Exercise objective: Your answer must match the records word for word and contain no pictures.

Available data below:

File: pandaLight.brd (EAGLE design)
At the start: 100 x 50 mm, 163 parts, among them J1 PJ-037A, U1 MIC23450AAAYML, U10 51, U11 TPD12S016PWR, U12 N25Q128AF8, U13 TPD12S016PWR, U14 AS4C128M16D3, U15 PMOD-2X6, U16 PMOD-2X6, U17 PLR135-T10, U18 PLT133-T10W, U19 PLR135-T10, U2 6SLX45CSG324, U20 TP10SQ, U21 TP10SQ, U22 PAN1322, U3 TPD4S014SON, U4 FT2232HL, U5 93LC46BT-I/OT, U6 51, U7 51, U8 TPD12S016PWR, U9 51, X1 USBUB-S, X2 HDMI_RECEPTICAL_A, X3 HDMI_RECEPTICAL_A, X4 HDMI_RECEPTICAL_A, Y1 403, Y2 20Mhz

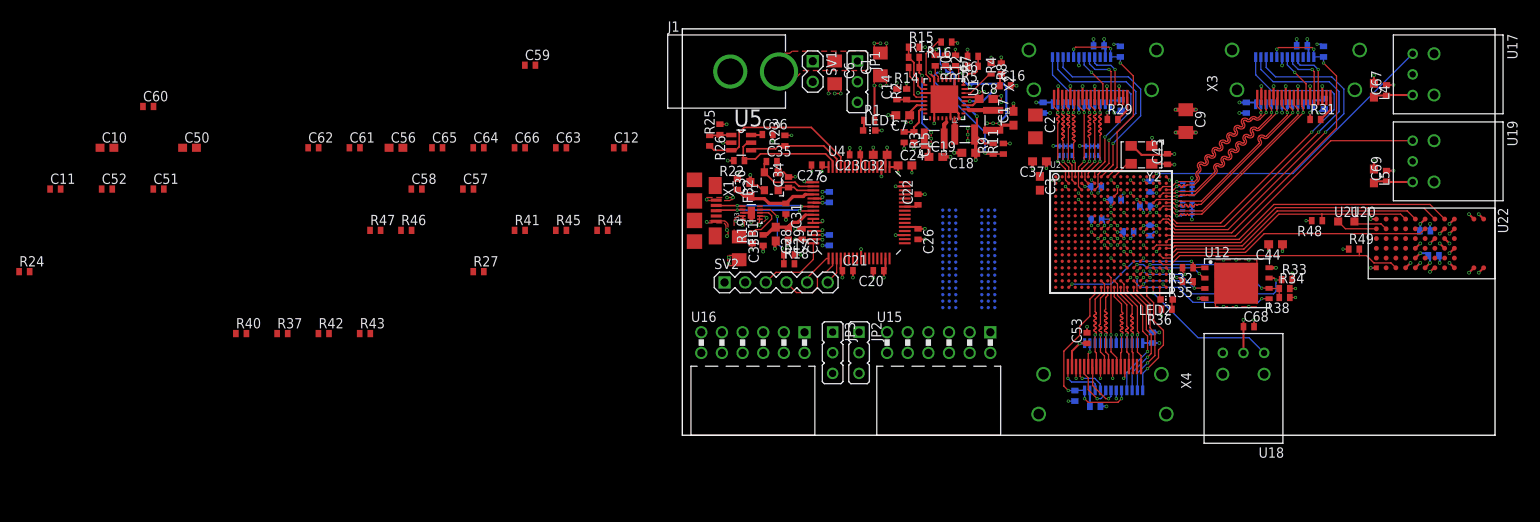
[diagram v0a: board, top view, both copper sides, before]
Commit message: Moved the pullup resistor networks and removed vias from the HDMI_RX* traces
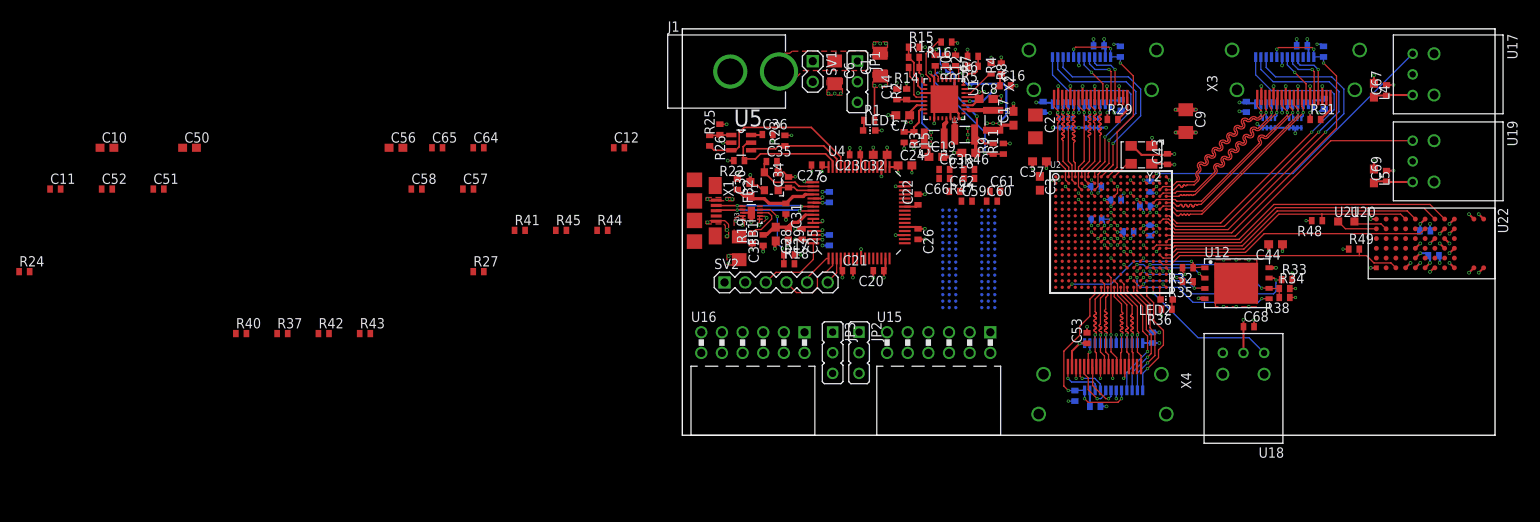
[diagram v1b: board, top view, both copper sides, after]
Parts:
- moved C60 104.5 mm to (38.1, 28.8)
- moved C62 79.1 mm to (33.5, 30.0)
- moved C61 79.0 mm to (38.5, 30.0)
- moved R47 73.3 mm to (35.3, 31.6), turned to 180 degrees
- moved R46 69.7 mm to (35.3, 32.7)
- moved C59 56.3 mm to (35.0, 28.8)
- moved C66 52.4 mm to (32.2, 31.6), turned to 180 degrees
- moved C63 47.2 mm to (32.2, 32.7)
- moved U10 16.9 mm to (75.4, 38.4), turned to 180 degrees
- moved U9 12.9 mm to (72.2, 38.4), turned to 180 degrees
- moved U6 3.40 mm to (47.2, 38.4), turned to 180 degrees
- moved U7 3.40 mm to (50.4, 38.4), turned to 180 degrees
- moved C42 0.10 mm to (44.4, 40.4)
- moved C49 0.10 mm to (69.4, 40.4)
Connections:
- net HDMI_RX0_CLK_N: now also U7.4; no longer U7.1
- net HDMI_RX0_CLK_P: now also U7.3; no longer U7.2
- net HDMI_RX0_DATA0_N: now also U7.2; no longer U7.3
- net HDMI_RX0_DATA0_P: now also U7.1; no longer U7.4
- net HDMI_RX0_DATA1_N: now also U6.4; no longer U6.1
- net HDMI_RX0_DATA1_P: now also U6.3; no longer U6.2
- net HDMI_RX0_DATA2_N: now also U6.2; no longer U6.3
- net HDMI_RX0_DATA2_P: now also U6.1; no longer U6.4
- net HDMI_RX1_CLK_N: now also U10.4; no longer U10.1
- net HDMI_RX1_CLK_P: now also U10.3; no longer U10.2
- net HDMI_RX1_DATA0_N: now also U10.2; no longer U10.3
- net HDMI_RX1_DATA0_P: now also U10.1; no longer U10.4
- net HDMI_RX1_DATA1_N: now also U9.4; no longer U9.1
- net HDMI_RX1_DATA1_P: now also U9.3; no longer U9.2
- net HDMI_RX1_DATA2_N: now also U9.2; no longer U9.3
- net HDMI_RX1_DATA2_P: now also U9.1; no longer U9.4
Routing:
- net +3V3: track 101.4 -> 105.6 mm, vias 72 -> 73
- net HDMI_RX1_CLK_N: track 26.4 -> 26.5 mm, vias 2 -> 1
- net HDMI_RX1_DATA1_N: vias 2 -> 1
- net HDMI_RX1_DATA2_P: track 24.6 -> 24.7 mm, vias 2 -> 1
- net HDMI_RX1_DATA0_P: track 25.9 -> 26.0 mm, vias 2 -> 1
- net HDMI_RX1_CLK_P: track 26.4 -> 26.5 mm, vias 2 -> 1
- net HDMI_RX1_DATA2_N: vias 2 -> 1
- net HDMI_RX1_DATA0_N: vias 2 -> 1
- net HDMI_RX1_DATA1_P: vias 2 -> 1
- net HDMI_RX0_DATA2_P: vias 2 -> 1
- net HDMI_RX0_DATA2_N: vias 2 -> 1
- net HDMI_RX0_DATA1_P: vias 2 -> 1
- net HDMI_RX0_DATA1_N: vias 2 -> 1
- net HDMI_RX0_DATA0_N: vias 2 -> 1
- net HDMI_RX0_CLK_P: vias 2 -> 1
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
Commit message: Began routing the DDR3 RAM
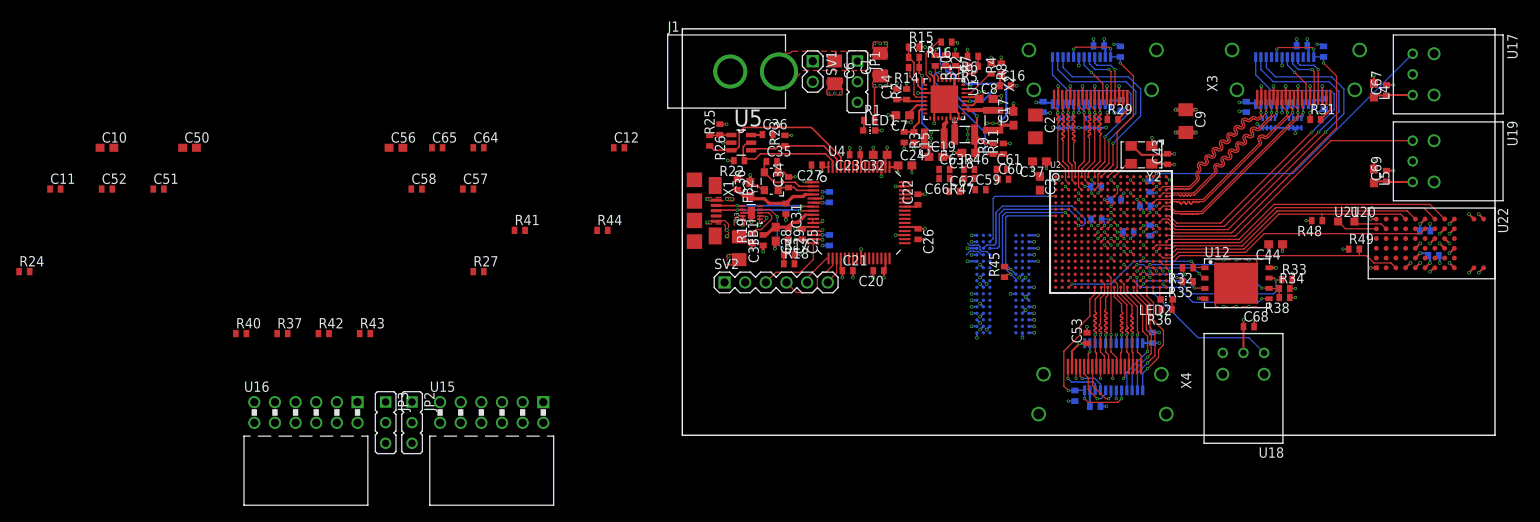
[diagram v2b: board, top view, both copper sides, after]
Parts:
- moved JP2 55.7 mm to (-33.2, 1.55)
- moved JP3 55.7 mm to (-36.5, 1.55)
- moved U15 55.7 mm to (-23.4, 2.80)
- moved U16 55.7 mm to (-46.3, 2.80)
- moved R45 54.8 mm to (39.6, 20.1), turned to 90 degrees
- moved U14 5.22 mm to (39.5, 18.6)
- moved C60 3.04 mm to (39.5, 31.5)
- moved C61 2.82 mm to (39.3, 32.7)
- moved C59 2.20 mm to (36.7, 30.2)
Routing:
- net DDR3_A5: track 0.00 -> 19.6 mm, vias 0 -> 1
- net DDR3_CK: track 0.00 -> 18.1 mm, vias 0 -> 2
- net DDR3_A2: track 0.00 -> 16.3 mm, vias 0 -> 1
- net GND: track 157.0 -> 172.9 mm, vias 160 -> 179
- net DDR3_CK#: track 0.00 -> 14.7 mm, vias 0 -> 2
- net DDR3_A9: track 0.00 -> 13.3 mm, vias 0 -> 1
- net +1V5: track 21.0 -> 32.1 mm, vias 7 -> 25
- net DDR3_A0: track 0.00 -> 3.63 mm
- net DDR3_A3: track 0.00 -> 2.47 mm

End of Available data.

Expected output:
File: pandaLight.brd (EAGLE design)
At the start: 100 x 50 mm, 163 parts, among them J1 PJ-037A, U1 MIC23450AAAYML, U10 51, U11 TPD12S016PWR, U12 N25Q128AF8, U13 TPD12S016PWR, U14 AS4C128M16D3, U15 PMOD-2X6, U16 PMOD-2X6, U17 PLR135-T10, U18 PLT133-T10W, U19 PLR135-T10, U2 6SLX45CSG324, U20 TP10SQ, U21 TP10SQ, U22 PAN1322, U3 TPD4S014SON, U4 FT2232HL, U5 93LC46BT-I/OT, U6 51, U7 51, U8 TPD12S016PWR, U9 51, X1 USBUB-S, X2 HDMI_RECEPTICAL_A, X3 HDMI_RECEPTICAL_A, X4 HDMI_RECEPTICAL_A, Y1 403, Y2 20Mhz

[diagram v0a: board, top view, both copper sides, before]
Commit message: Moved the pullup resistor networks and removed vias from the HDMI_RX* traces
[diagram v1b: board, top view, both copper sides, after]
Parts:
- moved C60 104.5 mm to (38.1, 28.8)
- moved C62 79.1 mm to (33.5, 30.0)
- moved C61 79.0 mm to (38.5, 30.0)
- moved R47 73.3 mm to (35.3, 31.6), turned to 180 degrees
- moved R46 69.7 mm to (35.3, 32.7)
- moved C59 56.3 mm to (35.0, 28.8)
- moved C66 52.4 mm to (32.2, 31.6), turned to 180 degrees
- moved C63 47.2 mm to (32.2, 32.7)
- moved U10 16.9 mm to (75.4, 38.4), turned to 180 degrees
- moved U9 12.9 mm to (72.2, 38.4), turned to 180 degrees
- moved U6 3.40 mm to (47.2, 38.4), turned to 180 degrees
- moved U7 3.40 mm to (50.4, 38.4), turned to 180 degrees
- moved C42 0.10 mm to (44.4, 40.4)
- moved C49 0.10 mm to (69.4, 40.4)
Connections:
- net HDMI_RX0_CLK_N: now also U7.4; no longer U7.1
- net HDMI_RX0_CLK_P: now also U7.3; no longer U7.2
- net HDMI_RX0_DATA0_N: now also U7.2; no longer U7.3
- net HDMI_RX0_DATA0_P: now also U7.1; no longer U7.4
- net HDMI_RX0_DATA1_N: now also U6.4; no longer U6.1
- net HDMI_RX0_DATA1_P: now also U6.3; no longer U6.2
- net HDMI_RX0_DATA2_N: now also U6.2; no longer U6.3
- net HDMI_RX0_DATA2_P: now also U6.1; no longer U6.4
- net HDMI_RX1_CLK_N: now also U10.4; no longer U10.1
- net HDMI_RX1_CLK_P: now also U10.3; no longer U10.2
- net HDMI_RX1_DATA0_N: now also U10.2; no longer U10.3
- net HDMI_RX1_DATA0_P: now also U10.1; no longer U10.4
- net HDMI_RX1_DATA1_N: now also U9.4; no longer U9.1
- net HDMI_RX1_DATA1_P: now also U9.3; no longer U9.2
- net HDMI_RX1_DATA2_N: now also U9.2; no longer U9.3
- net HDMI_RX1_DATA2_P: now also U9.1; no longer U9.4
Routing:
- net +3V3: track 101.4 -> 105.6 mm, vias 72 -> 73
- net HDMI_RX1_CLK_N: track 26.4 -> 26.5 mm, vias 2 -> 1
- net HDMI_RX1_DATA1_N: vias 2 -> 1
- net HDMI_RX1_DATA2_P: track 24.6 -> 24.7 mm, vias 2 -> 1
- net HDMI_RX1_DATA0_P: track 25.9 -> 26.0 mm, vias 2 -> 1
- net HDMI_RX1_CLK_P: track 26.4 -> 26.5 mm, vias 2 -> 1
- net HDMI_RX1_DATA2_N: vias 2 -> 1
- net HDMI_RX1_DATA0_N: vias 2 -> 1
- net HDMI_RX1_DATA1_P: vias 2 -> 1
- net HDMI_RX0_DATA2_P: vias 2 -> 1
- net HDMI_RX0_DATA2_N: vias 2 -> 1
- net HDMI_RX0_DATA1_P: vias 2 -> 1
- net HDMI_RX0_DATA1_N: vias 2 -> 1
- net HDMI_RX0_DATA0_N: vias 2 -> 1
- net HDMI_RX0_CLK_P: vias 2 -> 1

Commit message: Began routing the DDR3 RAM
[diagram v2b: board, top view, both copper sides, after]
Parts:
- moved JP2 55.7 mm to (-33.2, 1.55)
- moved JP3 55.7 mm to (-36.5, 1.55)
- moved U15 55.7 mm to (-23.4, 2.80)
- moved U16 55.7 mm to (-46.3, 2.80)
- moved R45 54.8 mm to (39.6, 20.1), turned to 90 degrees
- moved U14 5.22 mm to (39.5, 18.6)
- moved C60 3.04 mm to (39.5, 31.5)
- moved C61 2.82 mm to (39.3, 32.7)
- moved C59 2.20 mm to (36.7, 30.2)
Routing:
- net DDR3_A5: track 0.00 -> 19.6 mm, vias 0 -> 1
- net DDR3_CK: track 0.00 -> 18.1 mm, vias 0 -> 2
- net DDR3_A2: track 0.00 -> 16.3 mm, vias 0 -> 1
- net GND: track 157.0 -> 172.9 mm, vias 160 -> 179
- net DDR3_CK#: track 0.00 -> 14.7 mm, vias 0 -> 2
- net DDR3_A9: track 0.00 -> 13.3 mm, vias 0 -> 1
- net +1V5: track 21.0 -> 32.1 mm, vias 7 -> 25
- net DDR3_A0: track 0.00 -> 3.63 mm
- net DDR3_A3: track 0.00 -> 2.47 mm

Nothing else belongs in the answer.